Выбрать главу

ГЛАВА II

ПЛЫТЬ ИЛИ В ТЮРЬМЕ БЫТЬ?

ПРОШЛА неделя, и мы попали в дружеские объятия Чили. Оказалось, это немаловажное дело — поддержка лучшего капитана в Пунта-Аренасе. Замешательство и неловкость, что мы должны были испытывать, появившись среди незнакомых людей в роли путешественников-сумасбродов, быстро исчезли благодаря искреннему доброжелательству и беспримерной щедрости, с которыми к нам отнеслись. Самым полезным для нас человеком в этих новых местах оказался Хорге Инен — морской агент крупнейших пароходных компаний в порту. Это был молодой человек незаурядной внешности, одаренный способностью по-человечески разбираться в людях и понимать их, добросердечный и не лишенный воображения. Он сразу же составлял представление о человеке, и его симпатия подкреплялась постоянным доверием и активной помощью.

В первый же наш разговор он подверг меня детальному, но отнюдь не враждебному допросу и наконец величественно изрек:

— В любое время, что бы вам ни понадобилось, приходите и просите.

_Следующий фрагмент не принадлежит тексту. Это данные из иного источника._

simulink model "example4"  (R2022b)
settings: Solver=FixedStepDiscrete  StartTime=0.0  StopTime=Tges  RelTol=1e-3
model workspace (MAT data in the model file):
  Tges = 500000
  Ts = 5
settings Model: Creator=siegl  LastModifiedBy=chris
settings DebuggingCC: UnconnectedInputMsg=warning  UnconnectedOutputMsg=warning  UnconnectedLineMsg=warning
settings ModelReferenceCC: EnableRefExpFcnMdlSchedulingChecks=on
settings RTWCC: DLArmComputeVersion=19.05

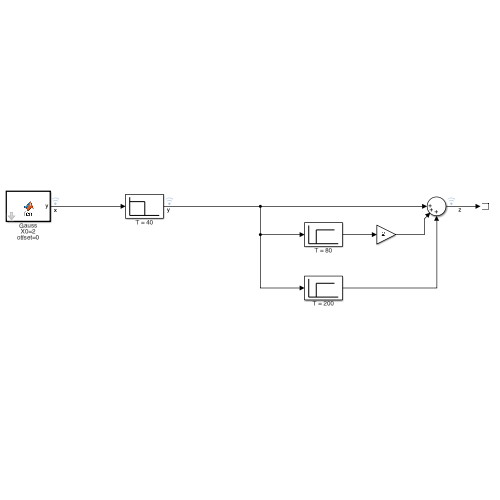
[thumbnail: Simulink's stored preview of the top-level diagram]
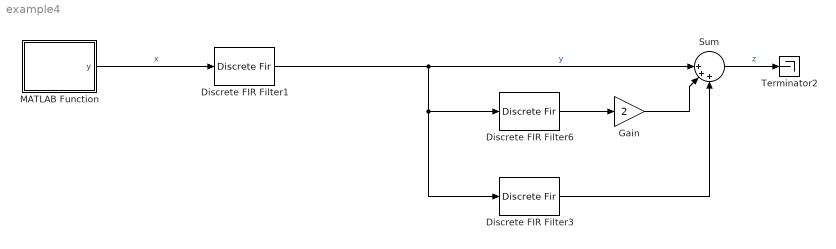
== system example4 ==
  Discrete FIR Filter1 : DiscreteFir  Coefficients=ones(1,Tavg/SampleTime)*SampleTime/Tavg  SampleTime=SampleTime  mask{Tavg=40, SampleTime=Ts}
      mask prompts: Tavg "Average Time"; SampleTime "Simulink:blkprm_prompts:AllBlksSampleTime"
      settings: AttributesFormatString=T = %<Tavg>
      mask TypeOptions SampleTime: SampleTime
      mask DialogControl SampleTime Prompt: Sample time (-1 for inherited):
      mask Display:
      | plot([0.1, .9], [.1, .1])
      | plot([0.1, .1], [.1, .9])
      | plot([0.1, .5], [.7, .7])
      | plot([0.5, .5], [.7, .1])
  Discrete FIR Filter3 : DiscreteFir  Coefficients=[zeros(1,Td/SampleTime), 1]  SampleTime=SampleTime  mask{Td=200, SampleTime=Ts}
      mask prompts: Td "Delay Time"; SampleTime "Simulink:blkprm_prompts:AllBlksSampleTime"
      settings: AttributesFormatString=T = %<Td>
      mask TypeOptions SampleTime: SampleTime
      mask DialogControl SampleTime Prompt: Sample time (-1 for inherited):
      mask Display:
      | plot([0.1, .9], [.1, .1])
      | plot([0.1, .1], [.1, .9])
      | plot([0.3, .3], [.7, .1])
      | plot([0.3, .8], [.7, .7])
  Discrete FIR Filter6 : DiscreteFir  Coefficients=[zeros(1,Td/SampleTime), 1]  SampleTime=SampleTime  mask{Td=80, SampleTime=Ts}
      mask prompts: Td "Delay Time"; SampleTime "Simulink:blkprm_prompts:AllBlksSampleTime"
      settings: AttributesFormatString=T = %<Td>
      mask TypeOptions SampleTime: SampleTime
      mask DialogControl SampleTime Prompt: Sample time (-1 for inherited):
      mask Display:
      | plot([0.1, .9], [.1, .1])
      | plot([0.1, .1], [.1, .9])
      | plot([0.3, .3], [.7, .1])
      | plot([0.3, .8], [.7, .7])
  Gain : Gain  Gain=2
  MATLAB Function : MATLAB Function  TreatAsAtomicUnit=on  mask{mu=0, sigma2=2, distribution=Gauss, T=Ts}
      mask prompts: mu "Mean"; sigma2 "Variance"; T "Sample Time"
      settings: AttributesFormatString=|
      | %<distribution>
      | X0=%<sigma2>
      | offset=%<mu>
  Sum : Sum  Inputs=||+++
  Terminator2 : Terminator
  wires:
  Sum/1 -> Terminator2/1  "z"
  MATLAB Function/1(y) -> Discrete FIR Filter1/1  "x"
  Discrete FIR Filter1/1 -> Sum/1, Discrete FIR Filter3/1, Discrete FIR Filter6/1  "y"
  Discrete FIR Filter6/1 -> Gain/1
  Discrete FIR Filter3/1 -> Sum/3
  Gain/1 -> Sum/2

== matlab function example4/MATLAB Function ==
  data: y output; mu parameter; sigma2 parameter; T parameter; distribution parameter
function y = fcn(mu, sigma2, T, distribution)

if distribution == 1
    X = (sqrt(12)*(rand(1,1)-0.5));
else
    X = randn(1,1);
end

y = sqrt(sigma2/T)*X+mu;

В итоге оказалось, что мне нужно очень многое, но ни в чем — ни в малом, ни в большом — я не получал отказа. И если путешествие к югу на собственном, хорошо экипированном боте я с подобающей скромностью отношу в какой-то мере за счет и наших упорных усилий, то в несравненно большей степени мы обязаны этим дружескому участию Инена и тех, с кем познакомились благодаря ему. В первый же день по прибытии для нас подыскали шлюпку, и главная наша проблема была решена.

Когда спустя несколько дней мы с помощником сидели в уютном плавучем жилище и рассуждали об этом негаданно привалившем счастье, нам, незадачливым авантюристам, вдруг получившим в руки все козыри, показалось, что мы похожи на Короля и Герцога из «Гекльберри Финна». И что если нам еще больше повезет, то разъяренная толпа набросится на нас и выгонит из города. Но недели шли, а нас все не выводили на чистую воду, нас чествовали, и поэтому, как и следует самозванцам, мы поверили, что в самом деле являемся Королем и Герцогом милостью божьей. А вот вам картина того, что собой представляла наша жизнь.

В гавани Пунта-Аренас ночь. Старое судно «Лонсдейл» тихо покачивается на мертвых якорях. Мы оба спим в давно пустующей капитанской каюте, обставленной мебелью красного дерева. Наступает утро. Мы просыпаемся еще затемно, зажигаем лампу и одеваемся. Я ощупью поднимаюсь по трапу в колючий холод. Выпал снег, и мои шаги звучат приглушенно на железной палубе.

Сквозь низко нависшие облака прорывается к черной воде золотистый рассветный луч. Над судном, окутанным сумраком, светятся штаговые огоньки. В домах мерцают лампы — это поднялись ранние пташки. Полная тишина. Ковшом зачерпываю ледяную воду из бочки, умываюсь и, дрожа от холода, бегу вниз. В кают-компании старого судна слабый свет качающейся лампы теряется на серых от грязи палубе и подволоке, на темных стенах и в углах, где в беспорядке навалены корабельные снасти. Пузатая железная печка раскалилась докрасна. Мой помощник закончил уборку, и, пока мы подвигаем маленький стол к огню, на нас оседает облако пыли. Кок приносит кофе. Хорошо! Зимний Магелланов пролив, холодное, еще темное утро, а мы посиживаем, поджаривая у огня ноги и бока, и согреваем нутро дымящимся кофе.

Тяжелая шлюпка колотится о бок нашего судна, грохочут ступеньки штормтрапа о железные борта, раздаются людские голоса, стук грубых сапог на палубе. Все это возвещает, что пробило семь и начался рабочий день. Два плотника на палубе докладывают о ходе работ. У правого борта, на шлюпблоках, стоит закрепленное в прямом положении наше суденышко, купленное мной. Это спасательная шлюпка с потерпевшего крушение «Бикон-Г рейнджа».

Длина ее — двадцать шесть футов, ширина — восемь футов шесть дюймов, глубина — три фута и один-два дюйма. Она типа вельбота, с клинкерной обшивкой на легких изогнутых шпангоутах. Нос ее был расколот, семь досок проломлены и прогнили; шлюпка покоробилась, пересохла, как кость, в бортах зияло множество дыр. Небрежной фабричной работы, с кницами и креплениями, выпиленными из прямослойного дерева, — вот какая была у нас шлюпка — настоящая развалина. Я купил ее за двадцать долларов.